**Task requirements**
Using the records below, write out again exactly the lines that begin at the line containing "To Workspace3 : ToWorkspace" and end at the line containing "To Workspace6 : ToWorkspace", and no other lines.

BEGIN Source material

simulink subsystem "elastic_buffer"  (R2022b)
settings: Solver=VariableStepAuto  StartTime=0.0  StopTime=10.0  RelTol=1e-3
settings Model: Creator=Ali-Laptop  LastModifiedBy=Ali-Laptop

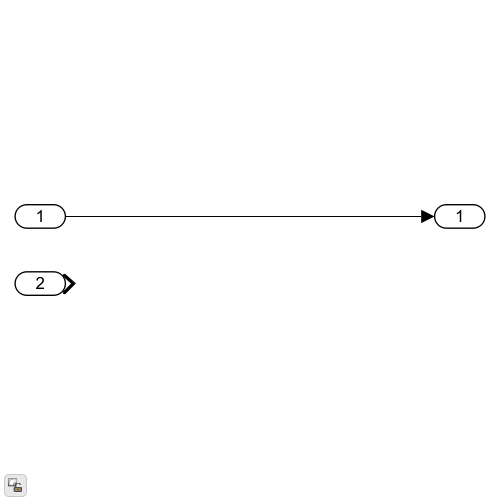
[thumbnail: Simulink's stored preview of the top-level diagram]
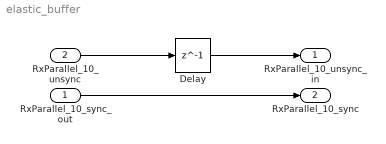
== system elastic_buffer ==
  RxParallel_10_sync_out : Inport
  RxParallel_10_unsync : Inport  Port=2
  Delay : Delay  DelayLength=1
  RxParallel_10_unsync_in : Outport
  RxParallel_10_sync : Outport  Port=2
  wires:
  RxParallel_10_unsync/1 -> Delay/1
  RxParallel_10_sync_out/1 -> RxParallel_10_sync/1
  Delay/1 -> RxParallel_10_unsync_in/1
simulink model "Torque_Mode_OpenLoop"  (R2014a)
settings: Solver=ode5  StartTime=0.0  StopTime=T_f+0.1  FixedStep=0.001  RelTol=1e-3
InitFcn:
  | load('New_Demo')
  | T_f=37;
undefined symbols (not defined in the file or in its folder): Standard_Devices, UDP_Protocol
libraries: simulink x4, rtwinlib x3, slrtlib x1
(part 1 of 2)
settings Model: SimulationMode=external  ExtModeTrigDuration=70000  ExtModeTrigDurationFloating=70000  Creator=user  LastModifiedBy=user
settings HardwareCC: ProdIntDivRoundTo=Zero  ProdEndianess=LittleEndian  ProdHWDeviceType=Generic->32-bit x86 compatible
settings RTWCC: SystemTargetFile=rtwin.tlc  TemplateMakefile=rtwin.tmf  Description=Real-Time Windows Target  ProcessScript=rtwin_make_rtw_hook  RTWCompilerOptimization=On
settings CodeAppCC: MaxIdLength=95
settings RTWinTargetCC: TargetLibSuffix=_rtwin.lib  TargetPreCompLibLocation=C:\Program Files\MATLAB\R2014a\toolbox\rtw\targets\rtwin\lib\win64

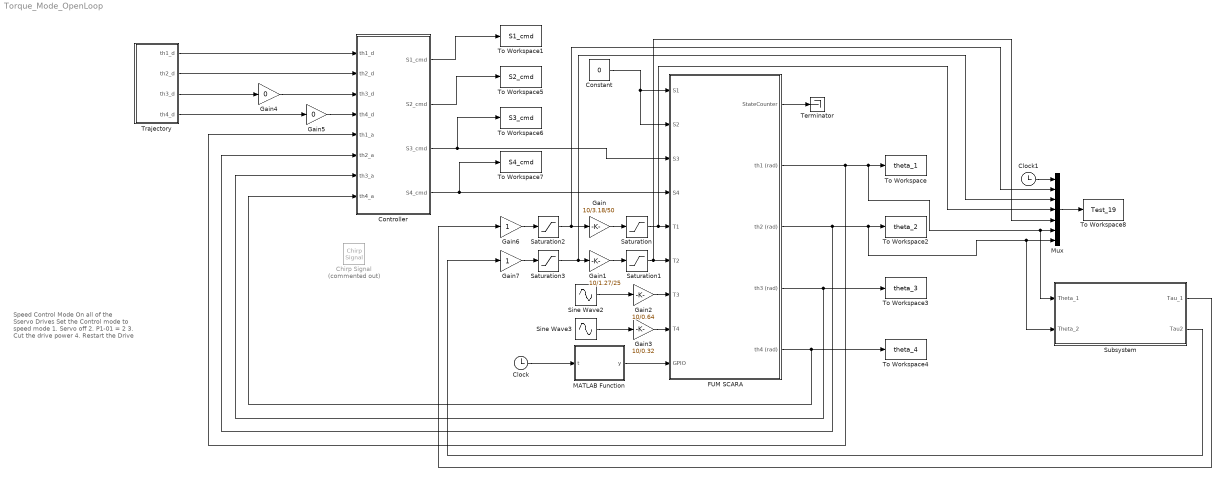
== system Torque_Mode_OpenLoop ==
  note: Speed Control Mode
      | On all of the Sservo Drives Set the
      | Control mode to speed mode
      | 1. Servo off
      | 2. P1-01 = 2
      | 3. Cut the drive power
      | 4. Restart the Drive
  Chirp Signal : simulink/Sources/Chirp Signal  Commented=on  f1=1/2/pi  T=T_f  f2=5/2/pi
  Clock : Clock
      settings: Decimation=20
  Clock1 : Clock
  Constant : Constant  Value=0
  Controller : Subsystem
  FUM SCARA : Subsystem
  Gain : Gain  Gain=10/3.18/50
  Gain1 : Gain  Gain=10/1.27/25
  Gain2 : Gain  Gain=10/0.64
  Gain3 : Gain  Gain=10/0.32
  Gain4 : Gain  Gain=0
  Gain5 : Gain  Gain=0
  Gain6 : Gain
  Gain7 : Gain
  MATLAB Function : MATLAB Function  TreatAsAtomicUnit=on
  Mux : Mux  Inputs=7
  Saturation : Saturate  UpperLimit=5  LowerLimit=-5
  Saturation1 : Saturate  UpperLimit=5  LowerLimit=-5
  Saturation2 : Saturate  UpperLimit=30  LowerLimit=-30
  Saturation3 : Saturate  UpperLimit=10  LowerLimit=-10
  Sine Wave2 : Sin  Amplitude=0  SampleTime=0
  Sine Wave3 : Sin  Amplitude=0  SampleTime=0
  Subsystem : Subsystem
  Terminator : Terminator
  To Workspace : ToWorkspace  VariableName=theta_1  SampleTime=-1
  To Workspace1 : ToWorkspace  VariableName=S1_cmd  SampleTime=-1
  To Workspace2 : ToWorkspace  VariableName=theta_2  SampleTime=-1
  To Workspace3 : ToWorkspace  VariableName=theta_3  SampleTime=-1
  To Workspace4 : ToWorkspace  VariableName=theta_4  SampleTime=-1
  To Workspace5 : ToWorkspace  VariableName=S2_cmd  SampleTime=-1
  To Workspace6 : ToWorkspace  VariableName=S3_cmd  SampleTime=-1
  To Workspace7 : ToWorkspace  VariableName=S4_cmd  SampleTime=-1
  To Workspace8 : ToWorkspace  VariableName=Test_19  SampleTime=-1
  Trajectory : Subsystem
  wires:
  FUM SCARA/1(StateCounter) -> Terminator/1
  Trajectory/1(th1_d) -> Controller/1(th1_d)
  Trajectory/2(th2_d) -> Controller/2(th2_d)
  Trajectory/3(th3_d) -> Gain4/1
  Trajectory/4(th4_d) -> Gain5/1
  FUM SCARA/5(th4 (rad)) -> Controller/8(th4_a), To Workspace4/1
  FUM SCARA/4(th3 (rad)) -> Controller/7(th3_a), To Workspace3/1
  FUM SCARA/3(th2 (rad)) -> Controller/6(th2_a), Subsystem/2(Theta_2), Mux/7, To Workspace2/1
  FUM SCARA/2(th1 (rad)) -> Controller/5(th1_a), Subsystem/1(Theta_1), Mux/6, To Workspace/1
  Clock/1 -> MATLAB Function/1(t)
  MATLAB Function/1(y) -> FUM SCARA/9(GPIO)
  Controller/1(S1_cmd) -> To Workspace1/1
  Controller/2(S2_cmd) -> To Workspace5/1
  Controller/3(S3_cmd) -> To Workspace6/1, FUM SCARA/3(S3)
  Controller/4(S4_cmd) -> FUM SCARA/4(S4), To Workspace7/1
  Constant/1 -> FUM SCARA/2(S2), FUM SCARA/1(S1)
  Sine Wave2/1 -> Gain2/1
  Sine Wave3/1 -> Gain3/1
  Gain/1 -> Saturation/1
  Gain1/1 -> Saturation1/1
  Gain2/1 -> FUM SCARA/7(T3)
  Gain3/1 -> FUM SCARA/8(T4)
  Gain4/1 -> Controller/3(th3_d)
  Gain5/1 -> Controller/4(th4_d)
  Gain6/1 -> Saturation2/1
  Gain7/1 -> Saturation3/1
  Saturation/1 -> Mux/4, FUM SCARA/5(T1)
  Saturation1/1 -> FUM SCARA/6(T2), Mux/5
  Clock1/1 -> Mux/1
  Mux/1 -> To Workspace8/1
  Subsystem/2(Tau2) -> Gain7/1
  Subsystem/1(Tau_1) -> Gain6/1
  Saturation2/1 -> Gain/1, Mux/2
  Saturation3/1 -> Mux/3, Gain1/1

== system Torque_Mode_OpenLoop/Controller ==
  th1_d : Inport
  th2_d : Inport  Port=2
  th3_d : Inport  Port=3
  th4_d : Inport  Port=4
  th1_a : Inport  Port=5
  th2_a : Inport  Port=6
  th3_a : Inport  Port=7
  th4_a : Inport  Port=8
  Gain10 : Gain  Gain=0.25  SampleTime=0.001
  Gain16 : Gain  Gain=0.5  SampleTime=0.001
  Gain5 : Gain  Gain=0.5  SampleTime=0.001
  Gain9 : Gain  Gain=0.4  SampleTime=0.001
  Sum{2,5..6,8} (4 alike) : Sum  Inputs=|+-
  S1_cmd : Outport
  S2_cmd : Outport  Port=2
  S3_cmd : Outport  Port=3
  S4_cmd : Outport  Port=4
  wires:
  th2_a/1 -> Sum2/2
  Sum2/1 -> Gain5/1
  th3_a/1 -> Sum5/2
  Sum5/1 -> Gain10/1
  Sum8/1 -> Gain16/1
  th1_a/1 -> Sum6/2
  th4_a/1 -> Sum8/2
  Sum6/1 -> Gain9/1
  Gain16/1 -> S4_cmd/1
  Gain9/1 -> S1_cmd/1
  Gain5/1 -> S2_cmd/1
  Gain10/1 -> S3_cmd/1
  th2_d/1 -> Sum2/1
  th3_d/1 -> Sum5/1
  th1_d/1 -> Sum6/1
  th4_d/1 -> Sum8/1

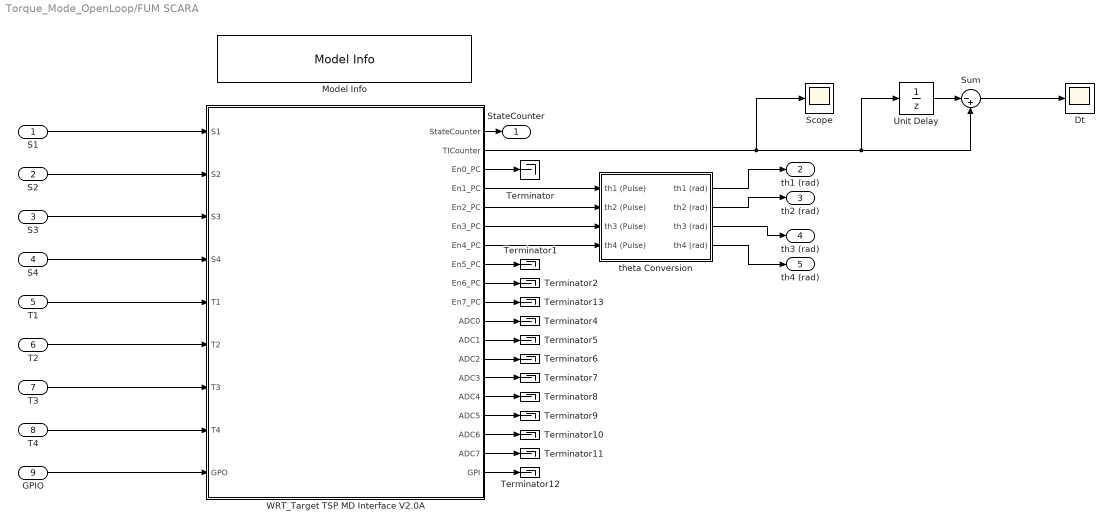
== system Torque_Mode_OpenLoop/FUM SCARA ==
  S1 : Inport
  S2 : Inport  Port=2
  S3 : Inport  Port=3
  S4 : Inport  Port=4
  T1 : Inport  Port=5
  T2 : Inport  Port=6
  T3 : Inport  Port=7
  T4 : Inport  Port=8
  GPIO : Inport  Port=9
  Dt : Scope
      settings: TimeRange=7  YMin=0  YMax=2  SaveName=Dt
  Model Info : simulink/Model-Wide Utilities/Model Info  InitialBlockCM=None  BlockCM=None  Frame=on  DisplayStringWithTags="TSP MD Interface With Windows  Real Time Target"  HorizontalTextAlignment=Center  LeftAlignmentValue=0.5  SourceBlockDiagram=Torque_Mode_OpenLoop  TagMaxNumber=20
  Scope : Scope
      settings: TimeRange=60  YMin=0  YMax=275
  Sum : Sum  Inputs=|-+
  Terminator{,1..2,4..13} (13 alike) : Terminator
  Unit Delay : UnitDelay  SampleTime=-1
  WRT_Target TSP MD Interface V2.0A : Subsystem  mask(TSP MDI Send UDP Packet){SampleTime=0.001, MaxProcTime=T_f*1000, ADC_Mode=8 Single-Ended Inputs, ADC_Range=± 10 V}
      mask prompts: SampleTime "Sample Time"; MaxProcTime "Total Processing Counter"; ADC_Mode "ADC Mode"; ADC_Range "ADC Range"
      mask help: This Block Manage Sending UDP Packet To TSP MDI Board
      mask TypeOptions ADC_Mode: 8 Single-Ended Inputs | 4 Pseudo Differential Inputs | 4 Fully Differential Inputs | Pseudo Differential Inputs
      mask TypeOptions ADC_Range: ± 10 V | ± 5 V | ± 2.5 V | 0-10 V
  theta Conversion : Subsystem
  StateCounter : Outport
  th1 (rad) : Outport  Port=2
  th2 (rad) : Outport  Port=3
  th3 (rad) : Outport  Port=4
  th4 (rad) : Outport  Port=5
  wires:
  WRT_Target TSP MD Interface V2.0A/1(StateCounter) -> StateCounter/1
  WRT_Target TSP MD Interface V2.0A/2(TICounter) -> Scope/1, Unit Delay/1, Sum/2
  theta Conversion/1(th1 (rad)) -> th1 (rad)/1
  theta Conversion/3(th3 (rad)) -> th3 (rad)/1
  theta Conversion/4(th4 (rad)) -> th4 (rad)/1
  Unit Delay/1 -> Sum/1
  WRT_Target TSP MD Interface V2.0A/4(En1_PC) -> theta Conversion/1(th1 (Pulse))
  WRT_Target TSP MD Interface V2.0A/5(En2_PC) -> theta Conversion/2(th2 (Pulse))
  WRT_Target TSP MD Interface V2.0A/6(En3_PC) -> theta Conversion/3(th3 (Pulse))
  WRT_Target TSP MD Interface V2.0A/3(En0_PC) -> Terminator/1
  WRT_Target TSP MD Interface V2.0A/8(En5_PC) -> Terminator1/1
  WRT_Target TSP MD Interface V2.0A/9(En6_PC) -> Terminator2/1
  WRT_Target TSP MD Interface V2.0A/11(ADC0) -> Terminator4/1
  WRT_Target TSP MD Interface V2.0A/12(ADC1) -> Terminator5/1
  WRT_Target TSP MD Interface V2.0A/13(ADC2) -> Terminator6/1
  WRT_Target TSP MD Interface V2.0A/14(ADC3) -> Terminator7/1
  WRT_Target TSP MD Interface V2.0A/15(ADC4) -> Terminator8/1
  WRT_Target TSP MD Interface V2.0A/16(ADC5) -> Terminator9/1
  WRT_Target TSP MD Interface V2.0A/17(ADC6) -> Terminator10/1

END Source material

**Final answer**
  To Workspace3 : ToWorkspace  VariableName=theta_3  SampleTime=-1
  To Workspace4 : ToWorkspace  VariableName=theta_4  SampleTime=-1
  To Workspace5 : ToWorkspace  VariableName=S2_cmd  SampleTime=-1
  To Workspace6 : ToWorkspace  VariableName=S3_cmd  SampleTime=-1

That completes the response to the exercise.